Winds of change blow for Anooraq and Amplats at Bokoni

Twin tragedies bookended four months of turbulence and change at the Bokoni platinum mine in South Africa’s Limpopo province. 

Restructuring agreements between joint-venture partners Anooraq Resources (ARQ-V, ANO-N) and Anglo American (AAL-L) subsidiary Anglo American Platinum (Amplats) were overshadowed by the second employee death at the site in four months.  

Operations were suspended in mid-November after an employee was reportedly struck and killed by a dump truck at the Middelpunt Hill UG2 shaft.
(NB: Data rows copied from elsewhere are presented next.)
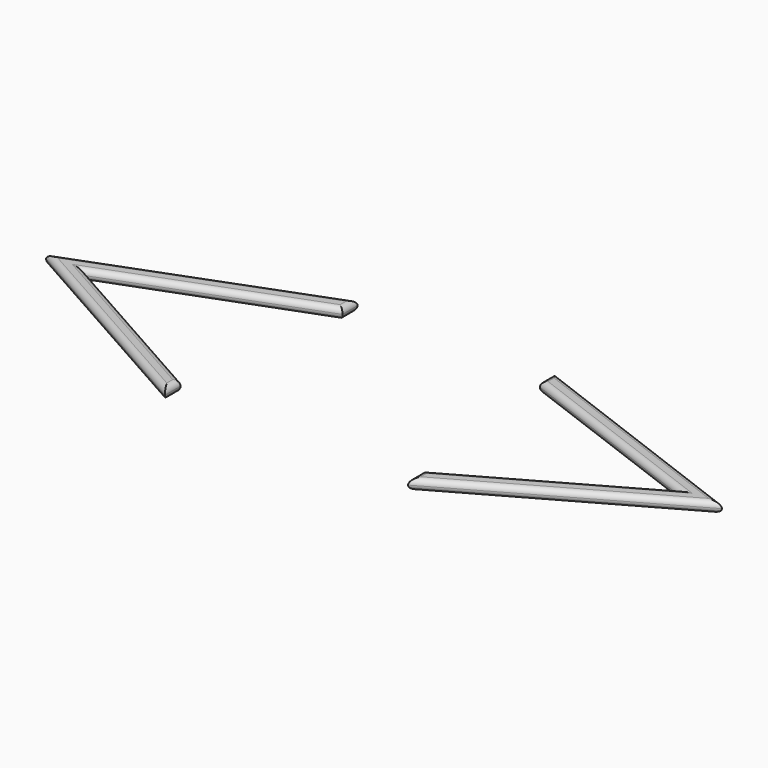
from build123d import *

# Parameters (mm, degrees)
F1_DEPTH = 20
F2_R     = 9.99999


# Not quite as in the source:
# - a fillet or chamfer is up to 0.001 mm smaller than in the source, because OpenCascade refuses the exact size


with BuildPart() as f1:
    # F0 (on Top) → F1 (new body)
    with BuildSketch(Plane.XY):
        Polygon((635.0417733192, 1682.4778318405), (185.4069307446, 1852.2594436146), (185.4069307446, 1816.7974487804), (558.8195690923, 1676.4687693616), (228.5373434424, 1490.2386204266), (228.5373434424, 1453.2696739696), align=None)
    extrude(amount=F1_DEPTH)

    # F2 (radius 10 in the source; OpenCascade refuses exactly that, so slightly less here)
    f2_edges = [f1.edges().sort_by_distance(p)[0] for p in [
        (431.789558, 1567.873753, 20),
        (410.224352, 1767.368638, 20),
        (185.406931, 1834.528446, 20),
        (372.11325, 1746.633109, 20),
        (393.678456, 1583.353695, 20),
        (228.537343, 1471.754147, 20),
        (431.789558, 1567.873753, 0),
        (410.224352, 1767.368638, 0),
        (185.406931, 1834.528446, 0),
        (372.11325, 1746.633109, 0),
        (393.678456, 1583.353695, 0),
        (228.537343, 1471.754147, 0),
    ]]
    fillet(f2_edges, radius=F2_R)


with BuildPart() as f3_1:
    # F3: instance of F1
    add(f1.part.mirror(Plane.YZ))


solid = Compound([f1.part, f3_1.part])

The Department of Mineral Resources issued a week-long safety stoppage at the shaft, causing an estimated production loss of 1,500 oz. platinum group elements (PGEs). 

The next death occurred on Feb. 15 after a worker fell from the 6-E17 raise line. The department imposed a subsequent suspension of Bokoni operations that was lifted on Feb. 17. 

Compliance and safety have been ongoing concerns at Bokoni, as Anooraq and Amplats attempt to increase production and lower cash costs with platinum prices falling 12% in the past six months. 

Progress had been made despite inflation in labour and material costs. Third-quarter 2011 production improved 19% to 33,358 oz.  platinum, palladium, rhodium and gold (4E), and unit operating costs fell 14% to US$1,375 per oz. 4E. 

In an effort to continue production increases and address safety concerns, Dawid Stander was named managing director at Bokoni in the first week of February. Stander, who had been working as an independent consultant, was general manager at the mine from 2001 to 2005 when production increased by 100,000 oz. PGE. He has 32 years experience with stints at BHP Billiton (BHP-N) and Impala Platinum.

In a joint statement, Anooraq CEO Harold Motaung and Amplats executive head Vishnu Pillay said that under Stander’s previous leadership at the mine, the operations “enjoyed significant growth, together with improvements in safety, operational and financial performance.” 

Stander’s appointment was part of restructuring Bokoni’s operations. The companies announced an agreement on Feb. 2 that would see Anooraq’s outstanding debt refinanced, as well as restructuring and recapitalizing the Bokoni Platinum group. 

Under the agreement Amplat will decrease Anooraq’s US$368-million outstanding debt by US$213 million in exchange for full interest in the Boikgantsho platinum project bordering the Mogalakwena mine, and the eastern sections of the Ga-Phasha platinum project, 250 km north of Johannesburg in the Bushveld igneous complex. Ownership considerations at Bokoni will remain unchanged, with Anooraq at 51% and Amplats at 49%.

The remaining debt balance will be reconsolidated into a new debt facility with an initial low-interest-rate schedule designed to escalate — from zero to 12% — in tandem with increases in Anooraq’s cash flow. 

Following the completion of a feasibility study, Amplats will provide Anooraq with another US$159 million under the consolidated debt agreement to cover the costs of a US$325-million capital development program. 

Improvements include installing a new concentrator plant and accelerating production plans at the Middelpunt Hill Delta UG2 expansion project. The capital expenditures are expected to raise Bokoni’s output by 100,000 oz. PGE before 2016. 

Despite steps to streamline and expand operations at Bokoni, parent-company Anglo American — which owns 79% of Amplats — cannot be enthusiastic about its subsidiary’s bottom-line contributions. Amplats cut 2012 output targets in late February, and initiated an employment freeze after annual profits tumbled 64% to US$463 million last year. 

According to Anglo American CEO Cynthia Carroll during a conference call, decisions on Amplats won’t be forthcoming until later in 2012. “We are looking at the size and the shape of the platinum business and how we can fundamentally shift it and return it to the sort of returns we had in 2008,” Carroll says.

In a Feb. 20 note to clients, Deutsche Bank analysts Tim Clark, Rob Clifford and Grant Sporre speculate that “closure of shafts is more likely given the structural position.” 

Dropping the platinum portion of its business could decrease Anglo’s market value by US$15 billion, speculatively making it a more attractive target for takeover bids  from interested parties, including the new unit formed by the acquisition of Xstrata by Glencore International. Xstrata approached Anglo in 2009 with a merger proposal, and analysts have speculated Anglo may be targeted by the new major mining power. 

A Reuters survey revealed a bearish attitude towards 2012 platinum prices amongst analysts, as median forecasts for the year dropped 15% to US$1,610 per oz. since July 2011. 

Platinum is qualified as one of the late-cycle commodities that typically lag behind primary resource indicators. Prices are tied to broad European demand in automotive production, as well as the Chinese jewellery market. 

Declining platinum prices and high costs affiliated with doing business in Southern Africa — the world’s largest platinum-producing area — continue to raise marginal-cost questions for invested companies. Though the recent agreements between Amplats and Anooraq may see unit costs fall as production output rises, questions remain over the project’s long-term ownership dynamics.